Drop any column where more than 50% of the values are missing.

Solution:

import pandas as pd
import numpy as np

# Sample large dataset with missing values
data = {'Age': [25, np.nan, 22, 35, np.nan],
        'Salary': [50000, np.nan, 52000, np.nan, 58000],
        'Experience': [2, 4, 1, np.nan, 3],
        'JobTitle': [np.nan, np.nan, 'Engineer', 'Analyst', 'Manager']}

df = pd.DataFrame(data)

# Calculate the proportion of missing values in each column
missing_proportion = df.isnull().mean()

# Drop columns with more than 50% missing values
df_cleaned = df.drop(columns=missing_proportion[missing_proportion > 0.5].index)

# View the cleaned dataframe
print(df_cleaned)

Exercise 4: Simple Imputation for Large Datasets

You are given a large dataset with numerical features, including AgeSalary, and Experience. The dataset contains some missing values, but you want to use simple imputation to fill in the missing values efficiently. Your task is to:

Apply SimpleImputer to fill missing values with the mean of each column.

Solution:

import pandas as pd
from sklearn.impute import SimpleImputer

# Sample large dataset with missing values
data = {'Age': [25, None, 22, 35, None] * 200000,
        'Salary': [50000, 60000, None, 80000, 58000] * 200000,
        'Experience': [2, 4, 1, None, 3] * 200000}

df_large = pd.DataFrame(data)

# Use SimpleImputer to impute missing values for numeric columns
simple_imputer = SimpleImputer(strategy='mean')
df_large_imputed = pd.DataFrame(simple_imputer.fit_transform(df_large), columns=df_large.columns)

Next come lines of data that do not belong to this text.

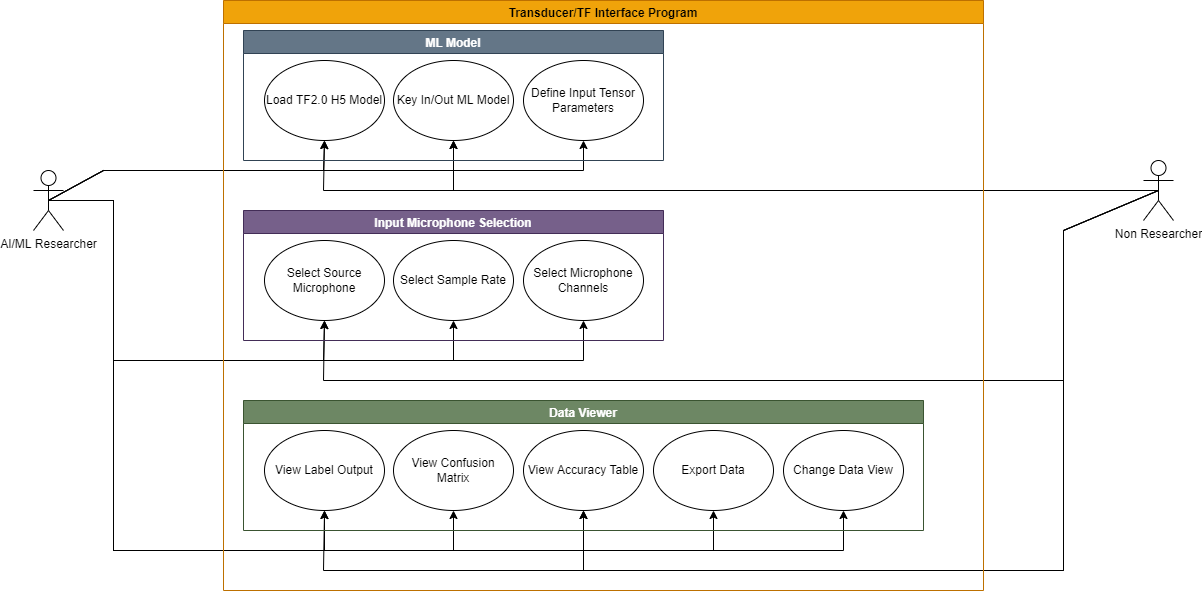

The diagram above was exported from draw.io. Its source (the exported page's mxGraphModel, read from the mxfile embedded in the PNG):
<mxGraphModel dx="2889" dy="1225" grid="1" gridSize="10" guides="1" tooltips="1" connect="1" arrows="1" fold="1" page="1" pageScale="1" pageWidth="827" pageHeight="1169" math="0" shadow="0">
  <root>
    <mxCell id="0" />
    <mxCell id="1" parent="0" />
    <mxCell id="2" style="edgeStyle=none;rounded=0;orthogonalLoop=1;jettySize=auto;html=1;exitX=0.5;exitY=0.5;exitDx=0;exitDy=0;exitPerimeter=0;entryX=0.5;entryY=1;entryDx=0;entryDy=0;endArrow=classic;endFill=1;" edge="1" source="7" target="22" parent="1">
      <mxGeometry relative="1" as="geometry">
        <Array as="points">
          <mxPoint x="1180" y="200" />
        </Array>
      </mxGeometry>
    </mxCell>
    <mxCell id="3" style="edgeStyle=none;rounded=0;orthogonalLoop=1;jettySize=auto;html=1;exitX=0.5;exitY=0.5;exitDx=0;exitDy=0;exitPerimeter=0;entryX=0.5;entryY=1;entryDx=0;entryDy=0;endArrow=classic;endFill=1;" edge="1" source="7" target="23" parent="1">
      <mxGeometry relative="1" as="geometry">
        <Array as="points">
          <mxPoint x="1310" y="200" />
        </Array>
      </mxGeometry>
    </mxCell>
    <mxCell id="4" style="edgeStyle=none;rounded=0;orthogonalLoop=1;jettySize=auto;html=1;exitX=0.5;exitY=0.5;exitDx=0;exitDy=0;exitPerimeter=0;entryX=0.5;entryY=1;entryDx=0;entryDy=0;endArrow=classic;endFill=1;" edge="1" source="7" target="26" parent="1">
      <mxGeometry relative="1" as="geometry">
        <Array as="points">
          <mxPoint x="1920" y="240" />
          <mxPoint x="1920" y="390" />
          <mxPoint x="1180" y="390" />
        </Array>
      </mxGeometry>
    </mxCell>
    <mxCell id="5" style="edgeStyle=none;rounded=0;orthogonalLoop=1;jettySize=auto;html=1;exitX=0.5;exitY=0.5;exitDx=0;exitDy=0;exitPerimeter=0;entryX=0.5;entryY=1;entryDx=0;entryDy=0;endArrow=classic;endFill=1;" edge="1" source="7" target="32" parent="1">
      <mxGeometry relative="1" as="geometry">
        <Array as="points">
          <mxPoint x="1920" y="240" />
          <mxPoint x="1920" y="580" />
          <mxPoint x="1440" y="580" />
        </Array>
      </mxGeometry>
    </mxCell>
    <mxCell id="6" style="edgeStyle=none;rounded=0;orthogonalLoop=1;jettySize=auto;html=1;exitX=0.5;exitY=0.5;exitDx=0;exitDy=0;exitPerimeter=0;entryX=0.5;entryY=1;entryDx=0;entryDy=0;endArrow=classic;endFill=1;" edge="1" source="7" target="30" parent="1">
      <mxGeometry relative="1" as="geometry">
        <Array as="points">
          <mxPoint x="1920" y="240" />
          <mxPoint x="1920" y="580" />
          <mxPoint x="1180" y="580" />
        </Array>
      </mxGeometry>
    </mxCell>
    <mxCell id="7" value="Non Researcher" style="shape=umlActor;verticalLabelPosition=bottom;verticalAlign=top;html=1;outlineConnect=0;" vertex="1" parent="1">
      <mxGeometry x="2000" y="170" width="30" height="60" as="geometry" />
    </mxCell>
    <mxCell id="8" style="rounded=0;orthogonalLoop=1;jettySize=auto;html=1;entryX=0.5;entryY=1;entryDx=0;entryDy=0;endArrow=classic;endFill=1;exitX=0.5;exitY=0.5;exitDx=0;exitDy=0;exitPerimeter=0;" edge="1" source="19" target="22" parent="1">
      <mxGeometry relative="1" as="geometry">
        <mxPoint x="910" y="210" as="sourcePoint" />
        <Array as="points">
          <mxPoint x="960" y="180" />
          <mxPoint x="1180" y="180" />
        </Array>
      </mxGeometry>
    </mxCell>
    <mxCell id="9" style="edgeStyle=none;rounded=0;orthogonalLoop=1;jettySize=auto;html=1;exitX=0.5;exitY=0.5;exitDx=0;exitDy=0;exitPerimeter=0;entryX=0.5;entryY=1;entryDx=0;entryDy=0;endArrow=classic;endFill=1;" edge="1" source="19" target="23" parent="1">
      <mxGeometry relative="1" as="geometry">
        <Array as="points">
          <mxPoint x="960" y="180" />
          <mxPoint x="1310" y="180" />
        </Array>
      </mxGeometry>
    </mxCell>
    <mxCell id="10" style="edgeStyle=none;rounded=0;orthogonalLoop=1;jettySize=auto;html=1;exitX=0.5;exitY=0.5;exitDx=0;exitDy=0;exitPerimeter=0;entryX=0.5;entryY=1;entryDx=0;entryDy=0;endArrow=classic;endFill=1;" edge="1" source="19" target="24" parent="1">
      <mxGeometry relative="1" as="geometry">
        <Array as="points">
          <mxPoint x="960" y="180" />
          <mxPoint x="1440" y="180" />
        </Array>
      </mxGeometry>
    </mxCell>
    <mxCell id="11" style="edgeStyle=none;rounded=0;orthogonalLoop=1;jettySize=auto;html=1;exitX=0.5;exitY=0.5;exitDx=0;exitDy=0;exitPerimeter=0;entryX=0.5;entryY=1;entryDx=0;entryDy=0;endArrow=classic;endFill=1;" edge="1" source="19" target="26" parent="1">
      <mxGeometry relative="1" as="geometry">
        <Array as="points">
          <mxPoint x="970" y="210" />
          <mxPoint x="970" y="370" />
          <mxPoint x="1180" y="370" />
        </Array>
      </mxGeometry>
    </mxCell>
    <mxCell id="12" style="edgeStyle=none;rounded=0;orthogonalLoop=1;jettySize=auto;html=1;exitX=0.5;exitY=0.5;exitDx=0;exitDy=0;exitPerimeter=0;entryX=0.5;entryY=1;entryDx=0;entryDy=0;endArrow=classic;endFill=1;" edge="1" source="19" target="27" parent="1">
      <mxGeometry relative="1" as="geometry">
        <Array as="points">
          <mxPoint x="970" y="210" />
          <mxPoint x="970" y="370" />
          <mxPoint x="1310" y="370" />
        </Array>
      </mxGeometry>
    </mxCell>
    <mxCell id="13" style="edgeStyle=none;rounded=0;orthogonalLoop=1;jettySize=auto;html=1;exitX=0.5;exitY=0.5;exitDx=0;exitDy=0;exitPerimeter=0;entryX=0.5;entryY=1;entryDx=0;entryDy=0;endArrow=classic;endFill=1;" edge="1" source="19" target="28" parent="1">
      <mxGeometry relative="1" as="geometry">
        <Array as="points">
          <mxPoint x="970" y="210" />
          <mxPoint x="970" y="370" />
          <mxPoint x="1440" y="370" />
        </Array>
      </mxGeometry>
    </mxCell>
    <mxCell id="14" style="edgeStyle=none;rounded=0;orthogonalLoop=1;jettySize=auto;html=1;exitX=0.5;exitY=0.5;exitDx=0;exitDy=0;exitPerimeter=0;entryX=0.5;entryY=1;entryDx=0;entryDy=0;endArrow=classic;endFill=1;" edge="1" source="19" target="30" parent="1">
      <mxGeometry relative="1" as="geometry">
        <Array as="points">
          <mxPoint x="970" y="210" />
          <mxPoint x="970" y="560" />
          <mxPoint x="1181" y="560" />
        </Array>
      </mxGeometry>
    </mxCell>
    <mxCell id="15" style="edgeStyle=none;rounded=0;orthogonalLoop=1;jettySize=auto;html=1;exitX=0.5;exitY=0.5;exitDx=0;exitDy=0;exitPerimeter=0;entryX=0.5;entryY=1;entryDx=0;entryDy=0;endArrow=classic;endFill=1;" edge="1" source="19" target="31" parent="1">
      <mxGeometry relative="1" as="geometry">
        <Array as="points">
          <mxPoint x="970" y="210" />
          <mxPoint x="970" y="560" />
          <mxPoint x="1310" y="560" />
        </Array>
      </mxGeometry>
    </mxCell>
    <mxCell id="16" style="edgeStyle=none;rounded=0;orthogonalLoop=1;jettySize=auto;html=1;exitX=0.5;exitY=0.5;exitDx=0;exitDy=0;exitPerimeter=0;entryX=0.5;entryY=1;entryDx=0;entryDy=0;endArrow=classic;endFill=1;" edge="1" source="19" target="32" parent="1">
      <mxGeometry relative="1" as="geometry">
        <Array as="points">
          <mxPoint x="970" y="210" />
          <mxPoint x="970" y="560" />
          <mxPoint x="1440" y="560" />
        </Array>
      </mxGeometry>
    </mxCell>
    <mxCell id="17" style="edgeStyle=none;rounded=0;orthogonalLoop=1;jettySize=auto;html=1;exitX=0.5;exitY=0.5;exitDx=0;exitDy=0;exitPerimeter=0;entryX=0.5;entryY=1;entryDx=0;entryDy=0;endArrow=classic;endFill=1;" edge="1" source="19" target="33" parent="1">
      <mxGeometry relative="1" as="geometry">
        <Array as="points">
          <mxPoint x="970" y="210" />
          <mxPoint x="970" y="560" />
          <mxPoint x="1570" y="560" />
        </Array>
      </mxGeometry>
    </mxCell>
    <mxCell id="18" style="edgeStyle=none;rounded=0;orthogonalLoop=1;jettySize=auto;html=1;exitX=0.5;exitY=0.5;exitDx=0;exitDy=0;exitPerimeter=0;entryX=0.5;entryY=1;entryDx=0;entryDy=0;endArrow=classic;endFill=1;" edge="1" source="19" target="34" parent="1">
      <mxGeometry relative="1" as="geometry">
        <Array as="points">
          <mxPoint x="970" y="210" />
          <mxPoint x="970" y="560" />
          <mxPoint x="1700" y="560" />
        </Array>
      </mxGeometry>
    </mxCell>
    <mxCell id="19" value="AI/ML Researcher" style="shape=umlActor;verticalLabelPosition=bottom;verticalAlign=top;html=1;outlineConnect=0;" vertex="1" parent="1">
      <mxGeometry x="890" y="180" width="30" height="60" as="geometry" />
    </mxCell>
    <mxCell id="20" value="Transducer/TF Interface Program" style="swimlane;fillColor=#f0a30a;strokeColor=#BD7000;fontColor=#000000;" vertex="1" parent="1">
      <mxGeometry x="1080" y="10" width="760" height="590" as="geometry" />
    </mxCell>
    <mxCell id="21" value="ML Model" style="swimlane;fillColor=#647687;fontColor=#ffffff;strokeColor=#314354;" vertex="1" parent="20">
      <mxGeometry x="20" y="30" width="420" height="130" as="geometry" />
    </mxCell>
    <mxCell id="22" value="Load TF2.0 H5 Model" style="ellipse;whiteSpace=wrap;html=1;" vertex="1" parent="21">
      <mxGeometry x="21" y="30" width="120" height="80" as="geometry" />
    </mxCell>
    <mxCell id="23" value="Key In/Out ML Model" style="ellipse;whiteSpace=wrap;html=1;" vertex="1" parent="21">
      <mxGeometry x="150" y="30" width="120" height="80" as="geometry" />
    </mxCell>
    <mxCell id="24" value="Define Input Tensor Parameters" style="ellipse;whiteSpace=wrap;html=1;" vertex="1" parent="21">
      <mxGeometry x="280" y="30" width="120" height="80" as="geometry" />
    </mxCell>
    <mxCell id="25" value="Input Microphone Selection" style="swimlane;fillColor=#76608a;fontColor=#ffffff;strokeColor=#432D57;" vertex="1" parent="20">
      <mxGeometry x="20" y="210" width="420" height="130" as="geometry" />
    </mxCell>
    <mxCell id="26" value="Select Source Microphone" style="ellipse;whiteSpace=wrap;html=1;" vertex="1" parent="25">
      <mxGeometry x="21" y="30" width="120" height="80" as="geometry" />
    </mxCell>
    <mxCell id="27" value="Select Sample Rate" style="ellipse;whiteSpace=wrap;html=1;" vertex="1" parent="25">
      <mxGeometry x="150" y="30" width="120" height="80" as="geometry" />
    </mxCell>
    <mxCell id="28" value="Select Microphone Channels" style="ellipse;whiteSpace=wrap;html=1;" vertex="1" parent="25">
      <mxGeometry x="280" y="30" width="120" height="80" as="geometry" />
    </mxCell>
    <mxCell id="29" value="Data Viewer" style="swimlane;startSize=23;fillColor=#6d8764;fontColor=#ffffff;strokeColor=#3A5431;" vertex="1" parent="20">
      <mxGeometry x="20" y="400" width="680" height="130" as="geometry" />
    </mxCell>
    <mxCell id="30" value="View Label Output" style="ellipse;whiteSpace=wrap;html=1;" vertex="1" parent="29">
      <mxGeometry x="21" y="30" width="120" height="80" as="geometry" />
    </mxCell>
    <mxCell id="31" value="View Confusion Matrix" style="ellipse;whiteSpace=wrap;html=1;" vertex="1" parent="29">
      <mxGeometry x="150" y="30" width="120" height="80" as="geometry" />
    </mxCell>
    <mxCell id="32" value="View Accuracy Table" style="ellipse;whiteSpace=wrap;html=1;" vertex="1" parent="29">
      <mxGeometry x="280" y="30" width="120" height="80" as="geometry" />
    </mxCell>
    <mxCell id="33" value="Export Data" style="ellipse;whiteSpace=wrap;html=1;" vertex="1" parent="29">
      <mxGeometry x="410" y="30" width="120" height="80" as="geometry" />
    </mxCell>
    <mxCell id="34" value="Change Data View" style="ellipse;whiteSpace=wrap;html=1;" vertex="1" parent="29">
      <mxGeometry x="540" y="30" width="120" height="80" as="geometry" />
    </mxCell>
  </root>
</mxGraphModel>

# View the first few rows of the imputed dataframe
print(df_large_imputed.head())

Exercise 5: Distributed Imputation with Dask

You are working with an extremely large dataset that contains missing values in several columns. To handle the missing data efficiently, you decide to use Dask to distribute the computation. Your task is to:

Convert the dataset to a Dask dataframe and use SimpleImputer to impute the missing values.

Solution:

import dask.dataframe as dd
from sklearn.impute import SimpleImputer
import pandas as pd

# Sample large dataset with missing values
data = {'Age': [25, None, 22, 35, None] * 200000,
        'Salary': [50000, 60000, None, 80000, 58000] * 200000,
        'Experience': [2, 4, 1, None, 3] * 200000}

df_large = pd.DataFrame(data)

# Convert the Pandas dataframe to a Dask dataframe
df_dask = dd.from_pandas(df_large, npartitions=10)

# Define a SimpleImputer
simple_imputer = SimpleImputer(strategy='mean')

# Apply the imputer on the Dask dataframe
df_dask_imputed = df_dask.map_partitions(lambda df: pd.DataFrame(simple_imputer.fit_transform(df), columns=df.columns))

# Compute the result
df_dask_imputed = df_dask_imputed.compute()

# View the first few rows of the imputed dataframe
print(df_dask_imputed.head())

These practical exercises give you hands-on experience with various techniques for handling missing data, from basic imputation methods to advanced distributed computing. By practicing these techniques, you can handle missing data effectively in both small and large datasets, ensuring that your models remain accurate and robust. Keep practicing and exploring these methods as you encounter different datasets in your work!